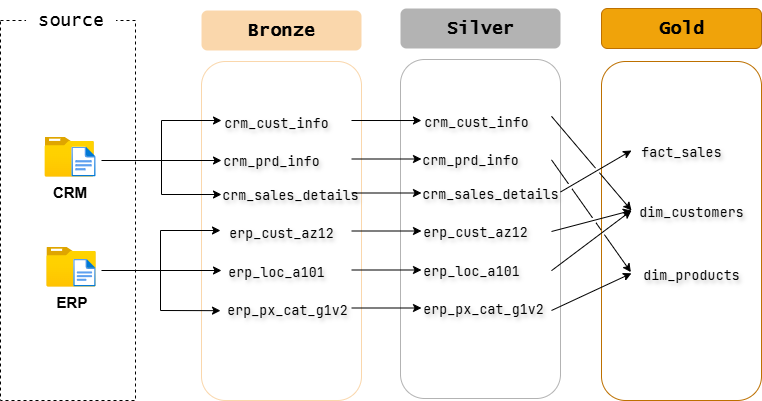

The diagram above was exported from draw.io. Its source (the exported page's mxGraphModel, read from the mxfile embedded in the PNG):
<mxGraphModel dx="786" dy="596" grid="1" gridSize="10" guides="1" tooltips="1" connect="1" arrows="1" fold="1" page="1" pageScale="1" pageWidth="850" pageHeight="1100" math="0" shadow="0">
  <root>
    <mxCell id="0" />
    <mxCell id="1" parent="0" />
    <mxCell id="SoslPbryd8U1qlnQnKrf-14" value="" style="rounded=1;whiteSpace=wrap;html=1;strokeColor=#B3B3B3;" parent="1" vertex="1">
      <mxGeometry x="439" y="239" width="160" height="339" as="geometry" />
    </mxCell>
    <mxCell id="SoslPbryd8U1qlnQnKrf-5" value="" style="rounded=0;whiteSpace=wrap;html=1;dashed=1;" parent="1" vertex="1">
      <mxGeometry x="38.999999999999986" y="200" width="135" height="380" as="geometry" />
    </mxCell>
    <mxCell id="SoslPbryd8U1qlnQnKrf-6" value="&lt;b style=&quot;text-wrap-mode: wrap;&quot;&gt;&lt;font style=&quot;font-size: 15px;&quot;&gt;CRM&lt;/font&gt;&lt;/b&gt;" style="image;aspect=fixed;html=1;points=[];align=center;fontSize=12;image=img/lib/azure2/general/Folder_Blank.svg;" parent="1" vertex="1">
      <mxGeometry x="83" y="316" width="49.29" height="40" as="geometry" />
    </mxCell>
    <mxCell id="SoslPbryd8U1qlnQnKrf-7" value="&lt;span style=&quot;font-size: 15px; text-wrap-mode: wrap;&quot;&gt;&lt;b style=&quot;&quot;&gt;ERP&lt;/b&gt;&lt;/span&gt;" style="image;aspect=fixed;html=1;points=[];align=center;fontSize=12;image=img/lib/azure2/general/Folder_Blank.svg;" parent="1" vertex="1">
      <mxGeometry x="84.88999999999999" y="426" width="49.29" height="40" as="geometry" />
    </mxCell>
    <mxCell id="SoslPbryd8U1qlnQnKrf-8" value="" style="image;aspect=fixed;html=1;points=[];align=center;fontSize=12;image=img/lib/azure2/general/File.svg;" parent="1" vertex="1">
      <mxGeometry x="111.70999999999998" y="438.31" width="22.47" height="27.69" as="geometry" />
    </mxCell>
    <mxCell id="SoslPbryd8U1qlnQnKrf-9" value="" style="image;aspect=fixed;html=1;points=[];align=center;fontSize=12;image=img/lib/azure2/general/File.svg;" parent="1" vertex="1">
      <mxGeometry x="109.82999999999998" y="326" width="24.35" height="30" as="geometry" />
    </mxCell>
    <mxCell id="SoslPbryd8U1qlnQnKrf-11" value="&lt;font face=&quot;Lucida Console&quot; style=&quot;font-size: 18px;&quot;&gt;source&lt;/font&gt;" style="rounded=0;whiteSpace=wrap;html=1;strokeColor=none;fillColor=default;" parent="1" vertex="1">
      <mxGeometry x="64.53" y="180" width="90" height="40" as="geometry" />
    </mxCell>
    <mxCell id="SoslPbryd8U1qlnQnKrf-12" value="" style="rounded=1;whiteSpace=wrap;html=1;strokeColor=#FAD7AC;" parent="1" vertex="1">
      <mxGeometry x="240" y="241" width="160" height="339" as="geometry" />
    </mxCell>
    <mxCell id="SoslPbryd8U1qlnQnKrf-13" value="&lt;b&gt;&lt;font style=&quot;font-size: 18px; color: light-dark(rgb(0, 0, 0), rgb(0, 0, 0));&quot; face=&quot;Lucida Console&quot;&gt;Bronze&lt;/font&gt;&lt;/b&gt;" style="rounded=1;whiteSpace=wrap;html=1;strokeColor=none;fillColor=#FAD7AC;" parent="1" vertex="1">
      <mxGeometry x="240" y="190" width="160" height="40" as="geometry" />
    </mxCell>
    <mxCell id="SoslPbryd8U1qlnQnKrf-15" value="&lt;b style=&quot;&quot;&gt;&lt;font style=&quot;font-size: 18px; color: light-dark(rgb(0, 0, 0), rgb(0, 0, 0));&quot; face=&quot;Lucida Console&quot;&gt;Silver&lt;/font&gt;&lt;/b&gt;" style="rounded=1;whiteSpace=wrap;html=1;strokeColor=none;fillColor=#B3B3B3;" parent="1" vertex="1">
      <mxGeometry x="439" y="188" width="160" height="40" as="geometry" />
    </mxCell>
    <mxCell id="SoslPbryd8U1qlnQnKrf-16" value="&lt;div style=&quot;font-family: &amp;quot;JetBrains Mono&amp;quot;, Consolas, &amp;quot;Courier New&amp;quot;, monospace, Consolas, &amp;quot;Courier New&amp;quot;, monospace; font-size: 13.4px; line-height: 18px; white-space: pre;&quot;&gt;&lt;span&gt;crm_cust_info&lt;/span&gt;&lt;/div&gt;" style="text;html=1;align=center;verticalAlign=middle;whiteSpace=wrap;rounded=0;fontColor=light-dark(#000000,#000000);textShadow=1;" parent="1" vertex="1">
      <mxGeometry x="285" y="286" width="60" height="30" as="geometry" />
    </mxCell>
    <mxCell id="SoslPbryd8U1qlnQnKrf-17" value="&lt;div style=&quot;font-family: &amp;quot;JetBrains Mono&amp;quot;, Consolas, &amp;quot;Courier New&amp;quot;, monospace, Consolas, &amp;quot;Courier New&amp;quot;, monospace; font-size: 13.4px; line-height: 18px; white-space: pre;&quot;&gt;&lt;div style=&quot;line-height: 18px;&quot;&gt;crm_prd_info&lt;/div&gt;&lt;/div&gt;" style="text;html=1;align=center;verticalAlign=middle;whiteSpace=wrap;rounded=0;labelBackgroundColor=none;fontColor=light-dark(#000000,#000000);textShadow=1;" parent="1" vertex="1">
      <mxGeometry x="280" y="324" width="60" height="30" as="geometry" />
    </mxCell>
    <mxCell id="SoslPbryd8U1qlnQnKrf-18" style="edgeStyle=orthogonalEdgeStyle;rounded=0;orthogonalLoop=1;jettySize=auto;html=1;exitX=0.5;exitY=1;exitDx=0;exitDy=0;" parent="1" source="SoslPbryd8U1qlnQnKrf-16" target="SoslPbryd8U1qlnQnKrf-16" edge="1">
      <mxGeometry relative="1" as="geometry" />
    </mxCell>
    <mxCell id="SoslPbryd8U1qlnQnKrf-19" value="&lt;div style=&quot;font-family: &amp;quot;JetBrains Mono&amp;quot;, Consolas, &amp;quot;Courier New&amp;quot;, monospace, Consolas, &amp;quot;Courier New&amp;quot;, monospace; font-size: 13.4px; line-height: 18px; white-space: pre;&quot;&gt;crm_sales_details&lt;/div&gt;" style="text;html=1;align=center;verticalAlign=middle;whiteSpace=wrap;rounded=0;labelBackgroundColor=none;fontColor=light-dark(#000000,#000000);textShadow=1;" parent="1" vertex="1">
      <mxGeometry x="299" y="358" width="60" height="30" as="geometry" />
    </mxCell>
    <mxCell id="SoslPbryd8U1qlnQnKrf-20" value="&lt;div style=&quot;font-family: &amp;quot;JetBrains Mono&amp;quot;, Consolas, &amp;quot;Courier New&amp;quot;, monospace, Consolas, &amp;quot;Courier New&amp;quot;, monospace; font-size: 13.4px; line-height: 18px; white-space: pre;&quot;&gt;erp_cust_az12&lt;/div&gt;" style="text;html=1;align=center;verticalAlign=middle;whiteSpace=wrap;rounded=0;labelBackgroundColor=none;fontColor=light-dark(#000000,#000000);textShadow=1;" parent="1" vertex="1">
      <mxGeometry x="290" y="396" width="60" height="30" as="geometry" />
    </mxCell>
    <mxCell id="SoslPbryd8U1qlnQnKrf-21" value="&lt;div style=&quot;font-family: &amp;quot;JetBrains Mono&amp;quot;, Consolas, &amp;quot;Courier New&amp;quot;, monospace, Consolas, &amp;quot;Courier New&amp;quot;, monospace; font-size: 13.4px; line-height: 18px; white-space: pre;&quot;&gt;erp_px_cat_g1v2&lt;/div&gt;" style="text;html=1;align=center;verticalAlign=middle;whiteSpace=wrap;rounded=0;labelBackgroundColor=none;fontColor=light-dark(#000000,#000000);textShadow=1;" parent="1" vertex="1">
      <mxGeometry x="296" y="475" width="60" height="26" as="geometry" />
    </mxCell>
    <mxCell id="SoslPbryd8U1qlnQnKrf-22" value="&lt;div style=&quot;font-family: &amp;quot;JetBrains Mono&amp;quot;, Consolas, &amp;quot;Courier New&amp;quot;, monospace, Consolas, &amp;quot;Courier New&amp;quot;, monospace; font-size: 13.4px; line-height: 18px; white-space: pre;&quot;&gt;&lt;div style=&quot;line-height: 18px;&quot;&gt;erp_loc_a101&lt;/div&gt;&lt;/div&gt;" style="text;html=1;align=center;verticalAlign=middle;whiteSpace=wrap;rounded=0;labelBackgroundColor=none;fontColor=light-dark(#000000,#000000);textShadow=1;" parent="1" vertex="1">
      <mxGeometry x="285" y="435" width="60" height="30" as="geometry" />
    </mxCell>
    <mxCell id="SoslPbryd8U1qlnQnKrf-25" value="" style="endArrow=classic;html=1;rounded=0;" parent="1" edge="1">
      <mxGeometry width="50" height="50" relative="1" as="geometry">
        <mxPoint x="140" y="340" as="sourcePoint" />
        <mxPoint x="260" y="340" as="targetPoint" />
        <Array as="points" />
      </mxGeometry>
    </mxCell>
    <mxCell id="SoslPbryd8U1qlnQnKrf-27" value="" style="endArrow=classic;html=1;rounded=0;" parent="1" edge="1">
      <mxGeometry width="50" height="50" relative="1" as="geometry">
        <mxPoint x="200" y="340" as="sourcePoint" />
        <mxPoint x="260" y="300" as="targetPoint" />
        <Array as="points">
          <mxPoint x="200" y="300" />
        </Array>
      </mxGeometry>
    </mxCell>
    <mxCell id="SoslPbryd8U1qlnQnKrf-29" value="" style="endArrow=classic;html=1;rounded=0;" parent="1" edge="1">
      <mxGeometry width="50" height="50" relative="1" as="geometry">
        <mxPoint x="200" y="330" as="sourcePoint" />
        <mxPoint x="260" y="374" as="targetPoint" />
        <Array as="points">
          <mxPoint x="200" y="374" />
        </Array>
      </mxGeometry>
    </mxCell>
    <mxCell id="SoslPbryd8U1qlnQnKrf-30" value="" style="endArrow=classic;html=1;rounded=0;" parent="1" edge="1">
      <mxGeometry width="50" height="50" relative="1" as="geometry">
        <mxPoint x="140" y="450" as="sourcePoint" />
        <mxPoint x="260" y="450" as="targetPoint" />
      </mxGeometry>
    </mxCell>
    <mxCell id="SoslPbryd8U1qlnQnKrf-31" value="" style="endArrow=classic;html=1;rounded=0;" parent="1" edge="1">
      <mxGeometry width="50" height="50" relative="1" as="geometry">
        <mxPoint x="199" y="450" as="sourcePoint" />
        <mxPoint x="259" y="410" as="targetPoint" />
        <Array as="points">
          <mxPoint x="199" y="410" />
        </Array>
      </mxGeometry>
    </mxCell>
    <mxCell id="SoslPbryd8U1qlnQnKrf-33" value="" style="endArrow=classic;html=1;rounded=0;entryX=0.125;entryY=0.735;entryDx=0;entryDy=0;entryPerimeter=0;" parent="1" edge="1">
      <mxGeometry width="50" height="50" relative="1" as="geometry">
        <mxPoint x="199" y="450" as="sourcePoint" />
        <mxPoint x="258.9999999999999" y="490.16499999999996" as="targetPoint" />
        <Array as="points">
          <mxPoint x="199" y="490" />
        </Array>
      </mxGeometry>
    </mxCell>
    <mxCell id="iRiksxSbfExl2HPIenul-1" value="" style="rounded=1;whiteSpace=wrap;html=1;strokeColor=#BD7000;fillColor=none;fontColor=#000000;" parent="1" vertex="1">
      <mxGeometry x="640" y="241" width="160" height="339" as="geometry" />
    </mxCell>
    <mxCell id="iRiksxSbfExl2HPIenul-2" value="&lt;font face=&quot;Lucida Console&quot; color=&quot;#000000&quot;&gt;&lt;span style=&quot;font-size: 18px;&quot;&gt;&lt;b&gt;Gold&lt;/b&gt;&lt;/span&gt;&lt;/font&gt;" style="rounded=1;whiteSpace=wrap;html=1;strokeColor=#BD7000;fillColor=#f0a30a;fontColor=#000000;" parent="1" vertex="1">
      <mxGeometry x="640" y="188" width="160" height="40" as="geometry" />
    </mxCell>
    <mxCell id="QPinx3MzJXz2w1psPSvI-1" value="&lt;div style=&quot;font-family: &amp;quot;JetBrains Mono&amp;quot;, Consolas, &amp;quot;Courier New&amp;quot;, monospace, Consolas, &amp;quot;Courier New&amp;quot;, monospace; font-size: 13.4px; line-height: 18px; white-space: pre;&quot;&gt;crm_cust_info&lt;/div&gt;" style="text;html=1;align=center;verticalAlign=middle;whiteSpace=wrap;rounded=0;labelBackgroundColor=none;fontColor=light-dark(#000000,#000000);textShadow=1;" parent="1" vertex="1">
      <mxGeometry x="485" y="285" width="60" height="30" as="geometry" />
    </mxCell>
    <mxCell id="QPinx3MzJXz2w1psPSvI-2" value="&lt;div style=&quot;font-family: &amp;quot;JetBrains Mono&amp;quot;, Consolas, &amp;quot;Courier New&amp;quot;, monospace, Consolas, &amp;quot;Courier New&amp;quot;, monospace; font-size: 13.4px; line-height: 18px; white-space: pre;&quot;&gt;&lt;div style=&quot;line-height: 18px;&quot;&gt;crm_prd_info&lt;/div&gt;&lt;/div&gt;" style="text;html=1;align=center;verticalAlign=middle;whiteSpace=wrap;rounded=0;labelBackgroundColor=none;fontColor=light-dark(#000000,#000000);textShadow=1;" parent="1" vertex="1">
      <mxGeometry x="479" y="323" width="60" height="30" as="geometry" />
    </mxCell>
    <mxCell id="QPinx3MzJXz2w1psPSvI-3" value="&lt;div style=&quot;font-family: &amp;quot;JetBrains Mono&amp;quot;, Consolas, &amp;quot;Courier New&amp;quot;, monospace, Consolas, &amp;quot;Courier New&amp;quot;, monospace; font-size: 13.4px; line-height: 18px; white-space: pre;&quot;&gt;crm_sales_details&lt;/div&gt;" style="text;html=1;align=center;verticalAlign=middle;whiteSpace=wrap;rounded=0;labelBackgroundColor=none;fontColor=light-dark(#000000,#000000);textShadow=1;" parent="1" vertex="1">
      <mxGeometry x="499" y="357" width="60" height="30" as="geometry" />
    </mxCell>
    <mxCell id="QPinx3MzJXz2w1psPSvI-4" value="&lt;div style=&quot;font-family: &amp;quot;JetBrains Mono&amp;quot;, Consolas, &amp;quot;Courier New&amp;quot;, monospace, Consolas, &amp;quot;Courier New&amp;quot;, monospace; font-size: 13.4px; line-height: 18px; white-space: pre;&quot;&gt;erp_cust_az12&lt;/div&gt;" style="text;html=1;align=center;verticalAlign=middle;whiteSpace=wrap;rounded=0;labelBackgroundColor=none;fontColor=light-dark(#000000,#000000);textShadow=1;" parent="1" vertex="1">
      <mxGeometry x="484" y="395" width="60" height="30" as="geometry" />
    </mxCell>
    <mxCell id="QPinx3MzJXz2w1psPSvI-5" value="&lt;div style=&quot;font-family: &amp;quot;JetBrains Mono&amp;quot;, Consolas, &amp;quot;Courier New&amp;quot;, monospace, Consolas, &amp;quot;Courier New&amp;quot;, monospace; font-size: 13.4px; line-height: 18px; white-space: pre;&quot;&gt;erp_px_cat_g1v2&lt;/div&gt;" style="text;html=1;align=center;verticalAlign=middle;whiteSpace=wrap;rounded=0;labelBackgroundColor=none;fontColor=light-dark(#000000,#000000);textShadow=1;" parent="1" vertex="1">
      <mxGeometry x="492" y="474" width="60" height="26" as="geometry" />
    </mxCell>
    <mxCell id="QPinx3MzJXz2w1psPSvI-6" value="&lt;div style=&quot;font-family: &amp;quot;JetBrains Mono&amp;quot;, Consolas, &amp;quot;Courier New&amp;quot;, monospace, Consolas, &amp;quot;Courier New&amp;quot;, monospace; font-size: 13.4px; line-height: 18px; white-space: pre;&quot;&gt;&lt;div style=&quot;line-height: 18px;&quot;&gt;erp_loc_a101&lt;/div&gt;&lt;/div&gt;" style="text;html=1;align=center;verticalAlign=middle;whiteSpace=wrap;rounded=0;labelBackgroundColor=none;fontColor=light-dark(#000000,#000000);textShadow=1;" parent="1" vertex="1">
      <mxGeometry x="480" y="434" width="60" height="30" as="geometry" />
    </mxCell>
    <mxCell id="QPinx3MzJXz2w1psPSvI-7" value="" style="endArrow=classic;html=1;rounded=0;entryX=0.131;entryY=0.18;entryDx=0;entryDy=0;entryPerimeter=0;" parent="1" target="SoslPbryd8U1qlnQnKrf-14" edge="1">
      <mxGeometry width="50" height="50" relative="1" as="geometry">
        <mxPoint x="390" y="300" as="sourcePoint" />
        <mxPoint x="440" y="250" as="targetPoint" />
      </mxGeometry>
    </mxCell>
    <mxCell id="QPinx3MzJXz2w1psPSvI-8" value="" style="endArrow=classic;html=1;rounded=0;entryX=0.131;entryY=0.18;entryDx=0;entryDy=0;entryPerimeter=0;" parent="1" edge="1">
      <mxGeometry width="50" height="50" relative="1" as="geometry">
        <mxPoint x="390" y="338.5" as="sourcePoint" />
        <mxPoint x="460" y="338.5" as="targetPoint" />
      </mxGeometry>
    </mxCell>
    <mxCell id="QPinx3MzJXz2w1psPSvI-9" value="" style="endArrow=classic;html=1;rounded=0;entryX=0.131;entryY=0.18;entryDx=0;entryDy=0;entryPerimeter=0;" parent="1" edge="1">
      <mxGeometry width="50" height="50" relative="1" as="geometry">
        <mxPoint x="390" y="372.5" as="sourcePoint" />
        <mxPoint x="460" y="372.5" as="targetPoint" />
      </mxGeometry>
    </mxCell>
    <mxCell id="QPinx3MzJXz2w1psPSvI-10" value="" style="endArrow=classic;html=1;rounded=0;entryX=0.131;entryY=0.18;entryDx=0;entryDy=0;entryPerimeter=0;" parent="1" edge="1">
      <mxGeometry width="50" height="50" relative="1" as="geometry">
        <mxPoint x="390" y="410.5" as="sourcePoint" />
        <mxPoint x="460" y="410.5" as="targetPoint" />
      </mxGeometry>
    </mxCell>
    <mxCell id="QPinx3MzJXz2w1psPSvI-11" value="" style="endArrow=classic;html=1;rounded=0;entryX=0.131;entryY=0.18;entryDx=0;entryDy=0;entryPerimeter=0;" parent="1" edge="1">
      <mxGeometry width="50" height="50" relative="1" as="geometry">
        <mxPoint x="390" y="449.5" as="sourcePoint" />
        <mxPoint x="460" y="449.5" as="targetPoint" />
      </mxGeometry>
    </mxCell>
    <mxCell id="QPinx3MzJXz2w1psPSvI-12" value="" style="endArrow=classic;html=1;rounded=0;entryX=0.131;entryY=0.18;entryDx=0;entryDy=0;entryPerimeter=0;" parent="1" edge="1">
      <mxGeometry width="50" height="50" relative="1" as="geometry">
        <mxPoint x="390" y="487.5" as="sourcePoint" />
        <mxPoint x="460" y="487.5" as="targetPoint" />
      </mxGeometry>
    </mxCell>
    <mxCell id="3T69qNRMOhRmIeXw7K49-1" value="&lt;div style=&quot;font-family: &amp;quot;JetBrains Mono&amp;quot;, Consolas, &amp;quot;Courier New&amp;quot;, monospace, Consolas, &amp;quot;Courier New&amp;quot;, monospace; font-size: 13.4px; line-height: 18px; white-space: pre;&quot;&gt;fact_sales&lt;/div&gt;" style="text;html=1;align=center;verticalAlign=middle;whiteSpace=wrap;rounded=0;labelBackgroundColor=none;fontColor=light-dark(#000000,#000000);textShadow=1;" parent="1" vertex="1">
      <mxGeometry x="690" y="315" width="60" height="30" as="geometry" />
    </mxCell>
    <mxCell id="3T69qNRMOhRmIeXw7K49-2" value="&lt;div style=&quot;font-family: &amp;quot;JetBrains Mono&amp;quot;, Consolas, &amp;quot;Courier New&amp;quot;, monospace, Consolas, &amp;quot;Courier New&amp;quot;, monospace; font-size: 13.4px; line-height: 18px; white-space: pre;&quot;&gt;dim_customers&lt;/div&gt;" style="text;html=1;align=center;verticalAlign=middle;whiteSpace=wrap;rounded=0;labelBackgroundColor=none;fontColor=light-dark(#000000,#000000);textShadow=1;" parent="1" vertex="1">
      <mxGeometry x="700" y="375" width="60" height="30" as="geometry" />
    </mxCell>
    <mxCell id="3T69qNRMOhRmIeXw7K49-3" value="&lt;div style=&quot;font-family: &amp;quot;JetBrains Mono&amp;quot;, Consolas, &amp;quot;Courier New&amp;quot;, monospace, Consolas, &amp;quot;Courier New&amp;quot;, monospace; font-size: 13.4px; line-height: 18px; white-space: pre;&quot;&gt;dim_products&lt;/div&gt;" style="text;html=1;align=center;verticalAlign=middle;whiteSpace=wrap;rounded=0;labelBackgroundColor=none;fontColor=light-dark(#000000,#000000);textShadow=1;" parent="1" vertex="1">
      <mxGeometry x="700" y="438.31" width="60" height="30" as="geometry" />
    </mxCell>
    <mxCell id="3T69qNRMOhRmIeXw7K49-7" value="" style="endArrow=classic;html=1;rounded=0;jumpStyle=gap;" parent="1" edge="1">
      <mxGeometry width="50" height="50" relative="1" as="geometry">
        <mxPoint x="599" y="371.5" as="sourcePoint" />
        <mxPoint x="670" y="330" as="targetPoint" />
      </mxGeometry>
    </mxCell>
    <mxCell id="3T69qNRMOhRmIeXw7K49-9" value="" style="endArrow=classic;html=1;rounded=0;exitX=1.006;exitY=0.172;exitDx=0;exitDy=0;exitPerimeter=0;jumpStyle=gap;" parent="1" edge="1">
      <mxGeometry width="50" height="50" relative="1" as="geometry">
        <mxPoint x="590" y="295.808" as="sourcePoint" />
        <mxPoint x="670" y="390" as="targetPoint" />
      </mxGeometry>
    </mxCell>
    <mxCell id="3T69qNRMOhRmIeXw7K49-10" value="" style="endArrow=classic;html=1;rounded=0;exitX=1;exitY=0.5;exitDx=0;exitDy=0;jumpStyle=gap;" parent="1" edge="1">
      <mxGeometry width="50" height="50" relative="1" as="geometry">
        <mxPoint x="590" y="411" as="sourcePoint" />
        <mxPoint x="670" y="390" as="targetPoint" />
      </mxGeometry>
    </mxCell>
    <mxCell id="3T69qNRMOhRmIeXw7K49-11" value="" style="endArrow=classic;html=1;rounded=0;exitX=0.99;exitY=0.62;exitDx=0;exitDy=0;exitPerimeter=0;jumpStyle=gap;" parent="1" edge="1">
      <mxGeometry width="50" height="50" relative="1" as="geometry">
        <mxPoint x="590.0000000000001" y="450.18000000000006" as="sourcePoint" />
        <mxPoint x="670" y="390" as="targetPoint" />
      </mxGeometry>
    </mxCell>
    <mxCell id="3T69qNRMOhRmIeXw7K49-12" value="" style="endArrow=classic;html=1;rounded=0;entryX=0.131;entryY=0.18;entryDx=0;entryDy=0;entryPerimeter=0;jumpStyle=gap;" parent="1" edge="1">
      <mxGeometry width="50" height="50" relative="1" as="geometry">
        <mxPoint x="590" y="490" as="sourcePoint" />
        <mxPoint x="670" y="452.81" as="targetPoint" />
      </mxGeometry>
    </mxCell>
    <mxCell id="3T69qNRMOhRmIeXw7K49-13" value="" style="endArrow=classic;html=1;rounded=0;entryX=0.131;entryY=0.18;entryDx=0;entryDy=0;entryPerimeter=0;exitX=1.01;exitY=0.296;exitDx=0;exitDy=0;exitPerimeter=0;jumpStyle=gap;" parent="1" edge="1">
      <mxGeometry width="50" height="50" relative="1" as="geometry">
        <mxPoint x="589.9999999999999" y="339.34400000000005" as="sourcePoint" />
        <mxPoint x="669.4" y="451.65" as="targetPoint" />
      </mxGeometry>
    </mxCell>
  </root>
</mxGraphModel>

────

ASSIGNMENT: Wherever the string "exitY" appears in a line of the records, copy that line.

TASK RESPONSE:
    <mxCell id="SoslPbryd8U1qlnQnKrf-18" style="edgeStyle=orthogonalEdgeStyle;rounded=0;orthogonalLoop=1;jettySize=auto;html=1;exitX=0.5;exitY=1;exitDx=0;exitDy=0;" parent="1" source="SoslPbryd8U1qlnQnKrf-16" target="SoslPbryd8U1qlnQnKrf-16" edge="1">
    <mxCell id="3T69qNRMOhRmIeXw7K49-9" value="" style="endArrow=classic;html=1;rounded=0;exitX=1.006;exitY=0.172;exitDx=0;exitDy=0;exitPerimeter=0;jumpStyle=gap;" parent="1" edge="1">
    <mxCell id="3T69qNRMOhRmIeXw7K49-10" value="" style="endArrow=classic;html=1;rounded=0;exitX=1;exitY=0.5;exitDx=0;exitDy=0;jumpStyle=gap;" parent="1" edge="1">
    <mxCell id="3T69qNRMOhRmIeXw7K49-11" value="" style="endArrow=classic;html=1;rounded=0;exitX=0.99;exitY=0.62;exitDx=0;exitDy=0;exitPerimeter=0;jumpStyle=gap;" parent="1" edge="1">
    <mxCell id="3T69qNRMOhRmIeXw7K49-13" value="" style="endArrow=classic;html=1;rounded=0;entryX=0.131;entryY=0.18;entryDx=0;entryDy=0;entryPerimeter=0;exitX=1.01;exitY=0.296;exitDx=0;exitDy=0;exitPerimeter=0;jumpStyle=gap;" parent="1" edge="1">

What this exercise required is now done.